[Material for this task Boundary: Start]

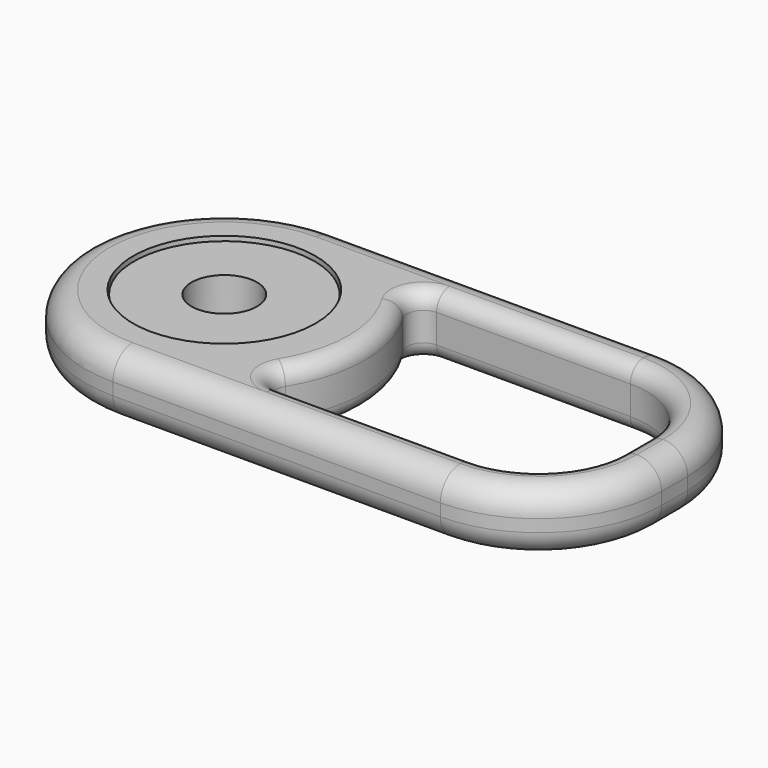
from build123d import *

# Parameters (mm, degrees)
F0_R     = 11
F0_R_2   = 4
F1_DEPTH = 7
F2_R     = 11.15
F3_DEPTH = 7.5
F4_R     = 3
F6_DEPTH = 25
F7_R     = 1.99999


# Not quite as in the source:
# - a fillet or chamfer is up to 0.001 mm smaller than in the source, because OpenCascade refuses the exact size


with BuildPart() as f1:
    # F0 (on Top) → F1 (new body)
    with BuildSketch(Plane.XY):
        Circle(F0_R)
        Circle(F0_R_2, mode=Mode.SUBTRACT)
    extrude(amount=F1_DEPTH)


with BuildPart() as f3:
    # F2 (on Top) → F3 (new body)
    with BuildSketch(Plane.XY):
        with BuildLine():
            Line((40, 17), (0, 17))
            ThreePointArc((0, 17), (-17, 0), (0, -17))
            Line((0, -17), (40, -17))
            ThreePointArc((40, -17), (50.6066017178, -12.6066017178), (55, -2))
            Line((55, -2), (55, 2))
            ThreePointArc((55, 2), (50.6066017178, 12.6066017178), (40, 17))
        make_face()
        Circle(F2_R, mode=Mode.SUBTRACT)
    extrude(amount=F3_DEPTH)

    # F4
    f4_edges = [f3.edges().sort_by_distance(p)[0] for p in [
        (20, -17, 7.5),
        (50.606602, -12.606602, 7.5),
        (20, -17, 0),
        (20, 17, 0),
        (20, 17, 7.5),
        (-17, 0, 0),
        (-17, 0, 7.5),
        (50.606602, -12.606602, 0),
        (55, 0, 0),
        (55, 0, 7.5),
        (50.606602, 12.606602, 0),
        (50.606602, 12.606602, 7.5),
    ]]
    fillet(f4_edges, radius=F4_R)

    # F5 (on face) → F6 (cut)
    with BuildSketch(Plane(origin=(0, 0, 0), x_dir=(1, 0, 0), z_dir=(0, 0, -1))):
        with BuildLine():
            ThreePointArc((50, 2), (47.0710678119, 9.0710678119), (40, 12))
            Line((40, 12), (12.2524487348, 12))
            ThreePointArc((12.2524487348, 12), (17.15, 0), (12.2524487348, -12))
            Line((12.2524487348, -12), (40, -12))
            ThreePointArc((40, -12), (47.0710678119, -9.0710678119), (50, -2))
            Line((50, -2), (50, 2))
        make_face()
    extrude(amount=-F6_DEPTH, mode=Mode.SUBTRACT)

    # F7 (radius 2 in the source; OpenCascade refuses exactly that, so slightly less here)
    f7_edges = [f3.edges().sort_by_distance(p)[0] for p in [
        (26.126224, -12, 0),
        (12.252449, -12, 3.75),
        (47.071068, -9.071068, 7.5),
        (47.071068, 9.071068, 7.5),
        (26.126224, 12, 7.5),
        (47.071068, 9.071068, 0),
        (26.126224, 12, 0),
        (47.071068, -9.071068, 0),
        (50, 0, 7.5),
        (50, 0, 0),
        (12.252449, 12, 3.75),
        (17.15, 0, 0),
        (17.15, 0, 7.5),
        (26.126224, -12, 7.5),
    ]]
    fillet(f7_edges, radius=F7_R)


solid = Compound([f1.part, f3.part])

[Material for this task Boundary: End]

**Action item:** Leave images out of the retyped records; keep all else exact.

**Expected output:**
from build123d import *

# Parameters (mm, degrees)
F0_R     = 11
F0_R_2   = 4
F1_DEPTH = 7
F2_R     = 11.15
F3_DEPTH = 7.5
F4_R     = 3
F6_DEPTH = 25
F7_R     = 1.99999


# Not quite as in the source:
# - a fillet or chamfer is up to 0.001 mm smaller than in the source, because OpenCascade refuses the exact size


with BuildPart() as f1:
    # F0 (on Top) → F1 (new body)
    with BuildSketch(Plane.XY):
        Circle(F0_R)
        Circle(F0_R_2, mode=Mode.SUBTRACT)
    extrude(amount=F1_DEPTH)


with BuildPart() as f3:
    # F2 (on Top) → F3 (new body)
    with BuildSketch(Plane.XY):
        with BuildLine():
            Line((40, 17), (0, 17))
            ThreePointArc((0, 17), (-17, 0), (0, -17))
            Line((0, -17), (40, -17))
            ThreePointArc((40, -17), (50.6066017178, -12.6066017178), (55, -2))
            Line((55, -2), (55, 2))
            ThreePointArc((55, 2), (50.6066017178, 12.6066017178), (40, 17))
        make_face()
        Circle(F2_R, mode=Mode.SUBTRACT)
    extrude(amount=F3_DEPTH)

    # F4
    f4_edges = [f3.edges().sort_by_distance(p)[0] for p in [
        (20, -17, 7.5),
        (50.606602, -12.606602, 7.5),
        (20, -17, 0),
        (20, 17, 0),
        (20, 17, 7.5),
        (-17, 0, 0),
        (-17, 0, 7.5),
        (50.606602, -12.606602, 0),
        (55, 0, 0),
        (55, 0, 7.5),
        (50.606602, 12.606602, 0),
        (50.606602, 12.606602, 7.5),
    ]]
    fillet(f4_edges, radius=F4_R)

    # F5 (on face) → F6 (cut)
    with BuildSketch(Plane(origin=(0, 0, 0), x_dir=(1, 0, 0), z_dir=(0, 0, -1))):
        with BuildLine():
            ThreePointArc((50, 2), (47.0710678119, 9.0710678119), (40, 12))
            Line((40, 12), (12.2524487348, 12))
            ThreePointArc((12.2524487348, 12), (17.15, 0), (12.2524487348, -12))
            Line((12.2524487348, -12), (40, -12))
            ThreePointArc((40, -12), (47.0710678119, -9.0710678119), (50, -2))
            Line((50, -2), (50, 2))
        make_face()
    extrude(amount=-F6_DEPTH, mode=Mode.SUBTRACT)

    # F7 (radius 2 in the source; OpenCascade refuses exactly that, so slightly less here)
    f7_edges = [f3.edges().sort_by_distance(p)[0] for p in [
        (26.126224, -12, 0),
        (12.252449, -12, 3.75),
        (47.071068, -9.071068, 7.5),
        (47.071068, 9.071068, 7.5),
        (26.126224, 12, 7.5),
        (47.071068, 9.071068, 0),
        (26.126224, 12, 0),
        (47.071068, -9.071068, 0),
        (50, 0, 7.5),
        (50, 0, 0),
        (12.252449, 12, 3.75),
        (17.15, 0, 0),
        (17.15, 0, 7.5),
        (26.126224, -12, 7.5),
    ]]
    fillet(f7_edges, radius=F7_R)


solid = Compound([f1.part, f3.part])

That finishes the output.